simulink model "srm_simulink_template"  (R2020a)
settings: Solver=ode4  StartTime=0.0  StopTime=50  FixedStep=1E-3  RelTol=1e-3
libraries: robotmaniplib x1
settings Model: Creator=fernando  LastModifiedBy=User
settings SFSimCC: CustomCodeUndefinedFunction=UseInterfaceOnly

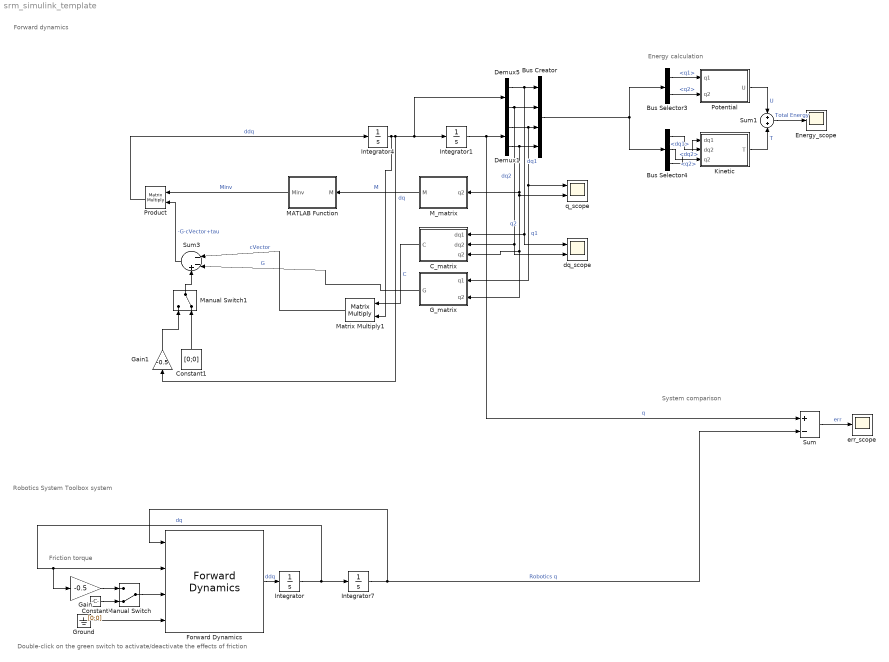
== system srm_simulink_template ==
  note: Double-click on the green switch to activate/deactivate the effects of friction
  note: Friction torque
  note: System comparison
  note: Robotics System Toolbox system
  note: Forward dynamics
  note: Energy calculation
  Bus Creator : BusCreator  Inputs=4
  Bus Selector3 : BusSelector  OutputSignals=q1,q2
  Bus Selector4 : BusSelector  OutputSignals=dq2,q2,dq1
  C_matrix : MATLAB Function  TreatAsAtomicUnit=on
  Constant : Constant  Value=[0;0]  VectorParams1D=off
  Constant1 : Constant  Value=[0;0]
  Demux1 : Demux  Outputs=2
  Demux5 : Demux  Outputs=2
  Energy_scope : Scope
  Forward Dynamics : robotmaniplib/Forward Dynamics  RigidBodyTree=twoLinkRobot  SimulateUsing=Code generation
  G_matrix : MATLAB Function  TreatAsAtomicUnit=on
  Gain : Gain  Gain=-0.5
  Gain1 : Gain  Gain=-0.5
  Ground : Ground
  Integrator : Integrator  InitialCondition=zeros(2,1)
  Integrator1 : Integrator  InitialCondition=[0 0]  WrapState=on
  Integrator4 : Integrator  InitialCondition=[0,0]
  Integrator7 : Integrator  InitialCondition=zeros(2,1)
  Kinetic : MATLAB Function  TreatAsAtomicUnit=on
  MATLAB Function : MATLAB Function  TreatAsAtomicUnit=on
  M_matrix : MATLAB Function  TreatAsAtomicUnit=on
  Manual Switch : ManualSwitch  CurrentSetting=0
  Manual Switch1 : ManualSwitch  CurrentSetting=0
  Matrix Multiply1 : Product  Multiplication=Matrix(*)  OutMin=2  OutMax=2
  Potential : MATLAB Function  TreatAsAtomicUnit=on
  Product : Product  Multiplication=Matrix(*)
  Sum : Sum  Inputs=+-
  Sum1 : Sum  Inputs=+|+
  Sum3 : Sum  Inputs=|--+
  dq_scope : Scope  NumInputPorts=2
  err_scope : Scope
  q_scope : Scope  NumInputPorts=2
  wires:
  Integrator4/1 -> Gain1/1, Demux5/1, Integrator1/1, Matrix Multiply1/2  "dq"
  Integrator1/1 -> Sum/1, Demux1/1  "q"
  Product/1 -> Integrator4/1  "ddq"
  Kinetic/1(T) -> Sum1/2  "T"
  Sum1/1 -> Energy_scope/1  "Total Energy"
  Demux5/1 -> C_matrix/1(dq1), dq_scope/1, Bus Creator/1  "dq1"
  Demux5/2 -> C_matrix/2(dq2), dq_scope/2, Bus Creator/2  "dq2"
  Demux1/1 -> G_matrix/1(q1), q_scope/1, Bus Creator/3  "q1"
  Demux1/2 -> M_matrix/1(q2), G_matrix/2(q2), C_matrix/3(q2), q_scope/2, Bus Creator/4  "q2"
  Bus Creator/1 -> Bus Selector3/1, Bus Selector4/1
  Bus Selector3/2 -> Potential/2(q2)  "<q2>"
  Bus Selector3/1 -> Potential/1(q1)  "<q1>"
  Bus Selector4/3 -> Kinetic/1(dq1)  "<dq1>"
  Bus Selector4/1 -> Kinetic/2(dq2)  "<dq2>"
  Bus Selector4/2 -> Kinetic/3(q2)  "<q2>"
  Potential/1(U) -> Sum1/1  "U"
  Forward Dynamics/1 -> Integrator/1  "ddq"
  Integrator7/1 -> Forward Dynamics/1, Sum/2  "Robotics q"
  Gain/1 -> Manual Switch/1
  Sum/1 -> err_scope/1  "err"
  Integrator/1 -> Forward Dynamics/2, Gain/1, Integrator7/1  "dq"
  Manual Switch/1 -> Forward Dynamics/3
  M_matrix/1(M) -> MATLAB Function/1(M)  "M"
  G_matrix/1(G) -> Sum3/2  "G"
  Constant/1 -> Manual Switch/2
  MATLAB Function/1(Minv) -> Product/1  "Minv"
  Sum3/1 -> Product/2  "-G-cVector+tau"
  Matrix Multiply1/1 -> Sum3/1  "cVector"
  Ground/1 -> Forward Dynamics/4
  C_matrix/1(C) -> Matrix Multiply1/1  "C"
  Gain1/1 -> Manual Switch1/1
  Constant1/1 -> Manual Switch1/2
  Manual Switch1/1 -> Sum3/3

== matlab function srm_simulink_template/M_matrix ==
  data: q2 input; M output
function M = M_matrix(q2)
%#codegen

%    This function was generated by the Symbolic Math Toolbox version 8.5.
%    04-Nov-2022 18:56:12

t2 = cos(q2);
t3 = t2./2.0;
t4 = t3+3.341666666666667e-1;
M = reshape([t2+1.668333333333333,t4,t4,3.341666666666667e-1],[2,2]);

== matlab function srm_simulink_template/G_matrix ==
  data: q1 input; G output; q2 input
function G = G_matrix(q1,q2)
%#codegen

%    This function was generated by the Symbolic Math Toolbox version 8.5.
%    04-Nov-2022 18:56:13

t2 = q1+q2;
t3 = cos(t2);
t4 = t3.*(9.81e+2./2.0e+2);
G = [t4+cos(q1).*1.4715e+1;t4];

== matlab function srm_simulink_template/Kinetic ==
  data: dq1 input; T output; dq2 input; q2 input
function T = Kinetic(dq1,dq2,q2)
%#codegen

%    This function was generated by the Symbolic Math Toolbox version 8.5.
%    04-Nov-2022 18:56:13

t2 = cos(q2);
t3 = t2./2.0;
t4 = t3+3.341666666666667e-1;
T = dq2.*(dq2.*1.670833333333333e-1+(dq1.*t4)./2.0)+dq1.*((dq2.*t4)./2.0+(dq1.*(t2+1.668333333333333))./2.0);

== matlab function srm_simulink_template/Potential ==
  data: q1 input; U output; q2 input
function U = Potential(q1,q2)
%#codegen

%    This function was generated by the Symbolic Math Toolbox version 8.5.
%    04-Nov-2022 18:56:13

U = sin(q1+q2).*(9.81e+2./2.0e+2)+sin(q1).*1.4715e+1;

== matlab function srm_simulink_template/MATLAB Function ==
  data: M input size=[2 2]; Minv output size=[2 2]
function Minv = fcn(M)
Minv = inv(M);

== matlab function srm_simulink_template/C_matrix ==
  data: dq1 input; C output; dq2 input; q2 input
function C = C_matrix(dq1,dq2,q2)
%#codegen

%    This function was generated by the Symbolic Math Toolbox version 8.5.
%    04-Nov-2022 18:56:12

t2 = sin(q2);
t3 = (dq1.*t2)./2.0;
t4 = (dq2.*t2)./2.0;
t5 = -t4;
C = reshape([t5,t3,-t3+t5,0.0],[2,2]);
|---|
Aim of the task:
Each entry above should be copied word for word, with the images omitted.

Written solution:
simulink model "srm_simulink_template"  (R2020a)
settings: Solver=ode4  StartTime=0.0  StopTime=50  FixedStep=1E-3  RelTol=1e-3
libraries: robotmaniplib x1
settings Model: Creator=fernando  LastModifiedBy=User
settings SFSimCC: CustomCodeUndefinedFunction=UseInterfaceOnly

== system srm_simulink_template ==
  note: Double-click on the green switch to activate/deactivate the effects of friction
  note: Friction torque
  note: System comparison
  note: Robotics System Toolbox system
  note: Forward dynamics
  note: Energy calculation
  Bus Creator : BusCreator  Inputs=4
  Bus Selector3 : BusSelector  OutputSignals=q1,q2
  Bus Selector4 : BusSelector  OutputSignals=dq2,q2,dq1
  C_matrix : MATLAB Function  TreatAsAtomicUnit=on
  Constant : Constant  Value=[0;0]  VectorParams1D=off
  Constant1 : Constant  Value=[0;0]
  Demux1 : Demux  Outputs=2
  Demux5 : Demux  Outputs=2
  Energy_scope : Scope
  Forward Dynamics : robotmaniplib/Forward Dynamics  RigidBodyTree=twoLinkRobot  SimulateUsing=Code generation
  G_matrix : MATLAB Function  TreatAsAtomicUnit=on
  Gain : Gain  Gain=-0.5
  Gain1 : Gain  Gain=-0.5
  Ground : Ground
  Integrator : Integrator  InitialCondition=zeros(2,1)
  Integrator1 : Integrator  InitialCondition=[0 0]  WrapState=on
  Integrator4 : Integrator  InitialCondition=[0,0]
  Integrator7 : Integrator  InitialCondition=zeros(2,1)
  Kinetic : MATLAB Function  TreatAsAtomicUnit=on
  MATLAB Function : MATLAB Function  TreatAsAtomicUnit=on
  M_matrix : MATLAB Function  TreatAsAtomicUnit=on
  Manual Switch : ManualSwitch  CurrentSetting=0
  Manual Switch1 : ManualSwitch  CurrentSetting=0
  Matrix Multiply1 : Product  Multiplication=Matrix(*)  OutMin=2  OutMax=2
  Potential : MATLAB Function  TreatAsAtomicUnit=on
  Product : Product  Multiplication=Matrix(*)
  Sum : Sum  Inputs=+-
  Sum1 : Sum  Inputs=+|+
  Sum3 : Sum  Inputs=|--+
  dq_scope : Scope  NumInputPorts=2
  err_scope : Scope
  q_scope : Scope  NumInputPorts=2
  wires:
  Integrator4/1 -> Gain1/1, Demux5/1, Integrator1/1, Matrix Multiply1/2  "dq"
  Integrator1/1 -> Sum/1, Demux1/1  "q"
  Product/1 -> Integrator4/1  "ddq"
  Kinetic/1(T) -> Sum1/2  "T"
  Sum1/1 -> Energy_scope/1  "Total Energy"
  Demux5/1 -> C_matrix/1(dq1), dq_scope/1, Bus Creator/1  "dq1"
  Demux5/2 -> C_matrix/2(dq2), dq_scope/2, Bus Creator/2  "dq2"
  Demux1/1 -> G_matrix/1(q1), q_scope/1, Bus Creator/3  "q1"
  Demux1/2 -> M_matrix/1(q2), G_matrix/2(q2), C_matrix/3(q2), q_scope/2, Bus Creator/4  "q2"
  Bus Creator/1 -> Bus Selector3/1, Bus Selector4/1
  Bus Selector3/2 -> Potential/2(q2)  "<q2>"
  Bus Selector3/1 -> Potential/1(q1)  "<q1>"
  Bus Selector4/3 -> Kinetic/1(dq1)  "<dq1>"
  Bus Selector4/1 -> Kinetic/2(dq2)  "<dq2>"
  Bus Selector4/2 -> Kinetic/3(q2)  "<q2>"
  Potential/1(U) -> Sum1/1  "U"
  Forward Dynamics/1 -> Integrator/1  "ddq"
  Integrator7/1 -> Forward Dynamics/1, Sum/2  "Robotics q"
  Gain/1 -> Manual Switch/1
  Sum/1 -> err_scope/1  "err"
  Integrator/1 -> Forward Dynamics/2, Gain/1, Integrator7/1  "dq"
  Manual Switch/1 -> Forward Dynamics/3
  M_matrix/1(M) -> MATLAB Function/1(M)  "M"
  G_matrix/1(G) -> Sum3/2  "G"
  Constant/1 -> Manual Switch/2
  MATLAB Function/1(Minv) -> Product/1  "Minv"
  Sum3/1 -> Product/2  "-G-cVector+tau"
  Matrix Multiply1/1 -> Sum3/1  "cVector"
  Ground/1 -> Forward Dynamics/4
  C_matrix/1(C) -> Matrix Multiply1/1  "C"
  Gain1/1 -> Manual Switch1/1
  Constant1/1 -> Manual Switch1/2
  Manual Switch1/1 -> Sum3/3

== matlab function srm_simulink_template/M_matrix ==
  data: q2 input; M output
function M = M_matrix(q2)
%#codegen

%    This function was generated by the Symbolic Math Toolbox version 8.5.
%    04-Nov-2022 18:56:12

t2 = cos(q2);
t3 = t2./2.0;
t4 = t3+3.341666666666667e-1;
M = reshape([t2+1.668333333333333,t4,t4,3.341666666666667e-1],[2,2]);

== matlab function srm_simulink_template/G_matrix ==
  data: q1 input; G output; q2 input
function G = G_matrix(q1,q2)
%#codegen

%    This function was generated by the Symbolic Math Toolbox version 8.5.
%    04-Nov-2022 18:56:13

t2 = q1+q2;
t3 = cos(t2);
t4 = t3.*(9.81e+2./2.0e+2);
G = [t4+cos(q1).*1.4715e+1;t4];

== matlab function srm_simulink_template/Kinetic ==
  data: dq1 input; T output; dq2 input; q2 input
function T = Kinetic(dq1,dq2,q2)
%#codegen

%    This function was generated by the Symbolic Math Toolbox version 8.5.
%    04-Nov-2022 18:56:13

t2 = cos(q2);
t3 = t2./2.0;
t4 = t3+3.341666666666667e-1;
T = dq2.*(dq2.*1.670833333333333e-1+(dq1.*t4)./2.0)+dq1.*((dq2.*t4)./2.0+(dq1.*(t2+1.668333333333333))./2.0);

== matlab function srm_simulink_template/Potential ==
  data: q1 input; U output; q2 input
function U = Potential(q1,q2)
%#codegen

%    This function was generated by the Symbolic Math Toolbox version 8.5.
%    04-Nov-2022 18:56:13

U = sin(q1+q2).*(9.81e+2./2.0e+2)+sin(q1).*1.4715e+1;

== matlab function srm_simulink_template/MATLAB Function ==
  data: M input size=[2 2]; Minv output size=[2 2]
function Minv = fcn(M)
Minv = inv(M);

== matlab function srm_simulink_template/C_matrix ==
  data: dq1 input; C output; dq2 input; q2 input
function C = C_matrix(dq1,dq2,q2)
%#codegen

%    This function was generated by the Symbolic Math Toolbox version 8.5.
%    04-Nov-2022 18:56:12

t2 = sin(q2);
t3 = (dq1.*t2)./2.0;
t4 = (dq2.*t2)./2.0;
t5 = -t4;
C = reshape([t5,t3,-t3+t5,0.0],[2,2]);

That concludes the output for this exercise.